Canonsburg native's body found in Wash. mud
Search teams in Washington state recovered the body of a former Canonsburg man who went missing in the March 22 landslide about 55 miles northeast of Seattle.
Billy L. Spillers, 30, who lived with his family in Arlington, Wash., died of blunt-force injuries, the Snohomish County Medical Examiner's Office reported on Monday.
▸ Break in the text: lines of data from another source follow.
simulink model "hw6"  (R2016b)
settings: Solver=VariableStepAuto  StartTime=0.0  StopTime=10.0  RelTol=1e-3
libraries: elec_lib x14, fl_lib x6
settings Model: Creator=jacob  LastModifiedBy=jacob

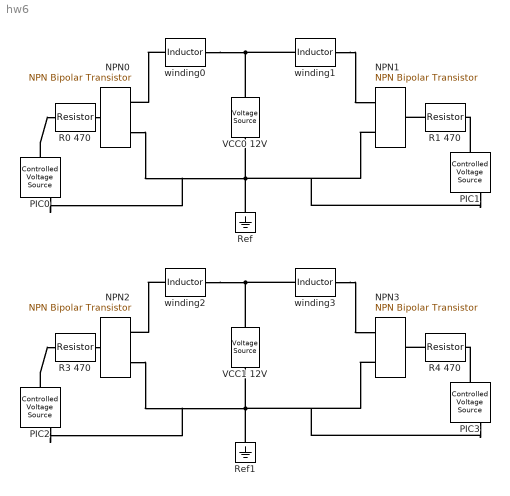
== system hw6 ==
  NPN{0..3} (4 alike) : elec_lib/Semiconductor Devices/NPN Bipolar Transistor  parameterization=1  prmDatasheet=1  prmEquCoeff=1  BF=100  IS=1e-14 A  ec=1  VAF=200 V  hfe=1000  hoe=5e-5 1/Ohm  Ic_h=1 A  Vce_h=4 V  V1=0.7 V  I1=50 mA  BR=1  Tmeas=25 degC  RC=1.5 Ohm  RE=1e-4 Ohm  RB=1 Ohm  C_BC=5 pF  C_BE=5 pF  TF=0 us  TR=0 us  hfe_T2=125  XTB=0  V1_T2=0.45 V  I1_T2=0.5 mA  Tmeas2=125 degC  EG=1.11 eV  XTI=3  TdeviceDatasheet=25 degC  TdeviceEquCoeff=25 degC  Rth=[ 0 10 ] K/W  thermal_mass_parameterization=1  thermal_mass=[ 0 1 ] J/K  thermal_time_constant=[ 0 10 ] s  thermal_mass_initial_temperatures=[ 25 25 ] degC
  PIC{0..3} (4 alike) : fl_lib/Electrical/Electrical Sources/Controlled Voltage Source
  R0 470 : elec_lib/Passive Devices/Resistor  R=470 Ohm  R_tol=5  enable_R_tol=0  tol_distribution=1  nSigma=4  enable_operating_limits=0  operating_limit_action=2  max_working_voltage=100 V  power_rating=1 W  enable_faults=0  fault_action=1  R_faulted=Inf Ohm  enable_temporal_fault=0  t_fault=1 s  enable_behavioral_fault=0  max_permissible_current=1 A  t_fail_on_current=1 s  noise_mode=0  sample_time=0.001 s  repeatability=1  auto_seed=2033606855  user_seed=0  Tdevice=25 degC  alpha=0.00393 1/K  Tmeas=25 degC  thermal_mass=100 J/K  initial_temperature=25 degC  power_derating_T1=70 degC  power_derating_T2=155 degC  operating_temperature_range_vec=[ -50 150 ] degC
  R1 470 : elec_lib/Passive Devices/Resistor  R=470 Ohm  R_tol=5  enable_R_tol=0  tol_distribution=1  nSigma=4  enable_operating_limits=0  operating_limit_action=2  max_working_voltage=100 V  power_rating=1 W  enable_faults=0  fault_action=1  R_faulted=Inf Ohm  enable_temporal_fault=0  t_fault=1 s  enable_behavioral_fault=0  max_permissible_current=1 A  t_fail_on_current=1 s  noise_mode=0  sample_time=0.001 s  repeatability=1  auto_seed=596460160  user_seed=0  Tdevice=25 degC  alpha=0.00393 1/K  Tmeas=25 degC  thermal_mass=100 J/K  initial_temperature=25 degC  power_derating_T1=70 degC  power_derating_T2=155 degC  operating_temperature_range_vec=[ -50 150 ] degC
  R3 470 : elec_lib/Passive Devices/Resistor  R=470 Ohm  R_tol=5  enable_R_tol=0  tol_distribution=1  nSigma=4  enable_operating_limits=0  operating_limit_action=2  max_working_voltage=100 V  power_rating=1 W  enable_faults=0  fault_action=1  R_faulted=Inf Ohm  enable_temporal_fault=0  t_fault=1 s  enable_behavioral_fault=0  max_permissible_current=1 A  t_fail_on_current=1 s  noise_mode=0  sample_time=0.001 s  repeatability=1  auto_seed=1406882827  user_seed=0  Tdevice=25 degC  alpha=0.00393 1/K  Tmeas=25 degC  thermal_mass=100 J/K  initial_temperature=25 degC  power_derating_T1=70 degC  power_derating_T2=155 degC  operating_temperature_range_vec=[ -50 150 ] degC
  R4 470 : elec_lib/Passive Devices/Resistor  R=470 Ohm  R_tol=5  enable_R_tol=0  tol_distribution=1  nSigma=4  enable_operating_limits=0  operating_limit_action=2  max_working_voltage=100 V  power_rating=1 W  enable_faults=0  fault_action=1  R_faulted=Inf Ohm  enable_temporal_fault=0  t_fault=1 s  enable_behavioral_fault=0  max_permissible_current=1 A  t_fail_on_current=1 s  noise_mode=0  sample_time=0.001 s  repeatability=1  auto_seed=2883058518  user_seed=0  Tdevice=25 degC  alpha=0.00393 1/K  Tmeas=25 degC  thermal_mass=100 J/K  initial_temperature=25 degC  power_derating_T1=70 degC  power_derating_T2=155 degC  operating_temperature_range_vec=[ -50 150 ] degC
  Ref : fl_lib/Electrical/Electrical Elements/Electrical Reference
  Ref1 : fl_lib/Electrical/Electrical Elements/Electrical Reference
  VCC0 12V : elec_lib/Sources/Voltage Source  dc_voltage=12 V  ac_voltage=0 V  ac_shift=0 deg  ac_frequency=60 Hz  noise_mode=0  PSD=0 V^2/Hz  sample_time=0.001 s  repeatability=1  auto_seed=1578128389  user_seed=0
  VCC1 12V : elec_lib/Sources/Voltage Source  dc_voltage=12 V  ac_voltage=0 V  ac_shift=0 deg  ac_frequency=60 Hz  noise_mode=0  PSD=0 V^2/Hz  sample_time=0.001 s  repeatability=1  auto_seed=4077229255  user_seed=0
  winding{0..3} (4 alike) : elec_lib/Passive Devices/Inductor  l=10 mH  L_tol=20  enable_L_tol=0  tol_distribution=1  nSigma=4  r=6.2 Ohm  g=1e-9 1/Ohm  initI=0 A  enable_operating_limits=0  operating_limit_action=2  max_working_current=1 A  power_rating=1 W  enable_faults=0  fault_action=1  lambdaPercent=50  k_faulted=0.9999 Ohm  turnsShort=0  openCct=0  groundShort=0  groundShortG=0 1/Ohm  tau_fault=0.001 s  enable_temporal_fault=0  t_fault=1 s  enable_behavioral_fault=0  max_permissible_voltage=100 V  n_fail_on_voltage=1  max_permissible_current=1 A  t_fail_on_current=1 s
  connections:
  VCC0 12V/LConn1 -- winding1/LConn1 -- winding0/RConn1
  Ref/LConn1 -- PIC0/RConn2 -- NPN0/RConn2 -- PIC1/RConn2 -- NPN1/RConn2 -- VCC0 12V/RConn1
  winding0/LConn1 -- NPN0/RConn1
  winding1/RConn1 -- NPN1/RConn1
  R0 470/RConn1 -- NPN0/LConn1
  R1 470/LConn1 -- NPN1/LConn1
  PIC0/LConn1 -- R0 470/LConn1
  PIC1/LConn1 -- R1 470/RConn1
  VCC1 12V/LConn1 -- winding3/LConn1 -- winding2/RConn1
  Ref1/LConn1 -- PIC2/RConn2 -- NPN2/RConn2 -- PIC3/RConn2 -- NPN3/RConn2 -- VCC1 12V/RConn1
  PIC3/LConn1 -- R4 470/RConn1
  winding2/LConn1 -- NPN2/RConn1
  winding3/RConn1 -- NPN3/RConn1
  PIC2/LConn1 -- R3 470/LConn1
  R3 470/RConn1 -- NPN2/LConn1
  R4 470/LConn1 -- NPN3/LConn1

A spokeswoman working with disaster responders would not talk about his case.
Spillers is among 33 people confirmed dead in the landslide, including his children, Kaylee Spillers, 5, and Jovon Mangual, 13. The medical examiner's office named 30 of the deceased and is working to identify the others.
“It's a tragic thing that I don't think anybody is ever prepared for,” said retired guidance counselor John Haught of Houston in Washington County, who was Spillers' football coach at Chartiers-Houston Junior-Senior High School.
Haught said Spillers was popular, outgoing and well-liked in high school, where he was a defensive end and a basketball player. Spillers graduated in 2001 and joined the Navy, working most recently as a command career counselor in Everett, Wash.
“I think the athleticism he displayed brought attention to him,” Haught said. “He was a nice kid, a good student, never any problem or trouble — just a nice young man and a good citizen.”
A native of New Albany in Bradford County, Spillers earned a bachelor's degree in business administration in 2008 from Strayer University, according to a Navy-supplied biography. He enlisted in October 2002, won service-related awards, and served at sea, including the Western Pacific Ocean and the Arabian Sea, the Navy said.
Several relatives and friends could not be reached for comment, and a Navy spokeswoman said the family has not released information about memorial services. A March 28 candlelight vigil at the Chartiers-Houston football field raised more than $1,300 to help Spillers' wife, Jonielle, and the rest of their family.
A fund at YouCaring.com listed more than $45,700 in donations for the family, including son Jacob, 4. Rescuers pulled Jacob from the landslide shortly after mud and debris inundated about 1.2 square miles.
Jacob's sister Brooke, 2, remains among a dozen people missing. Jonielle Spillers was at work when the disaster struck, family friends said earlier.
About 350 National Guard soldiers and more than 500 others are helping the search-and-recovery effort, said Meg Matthews, a spokeswoman for the responders. She said the Army Corps of Engineers will build a temporary berm this week in a saturated area to help workers drain five to 10 feet of water.
“Right now the dogs we have out there can't do a whole lot of detecting through water,” Matthews said. She said workers want “to bring closure to as many families as possible.”
An investigation into the cause of the landslide continues.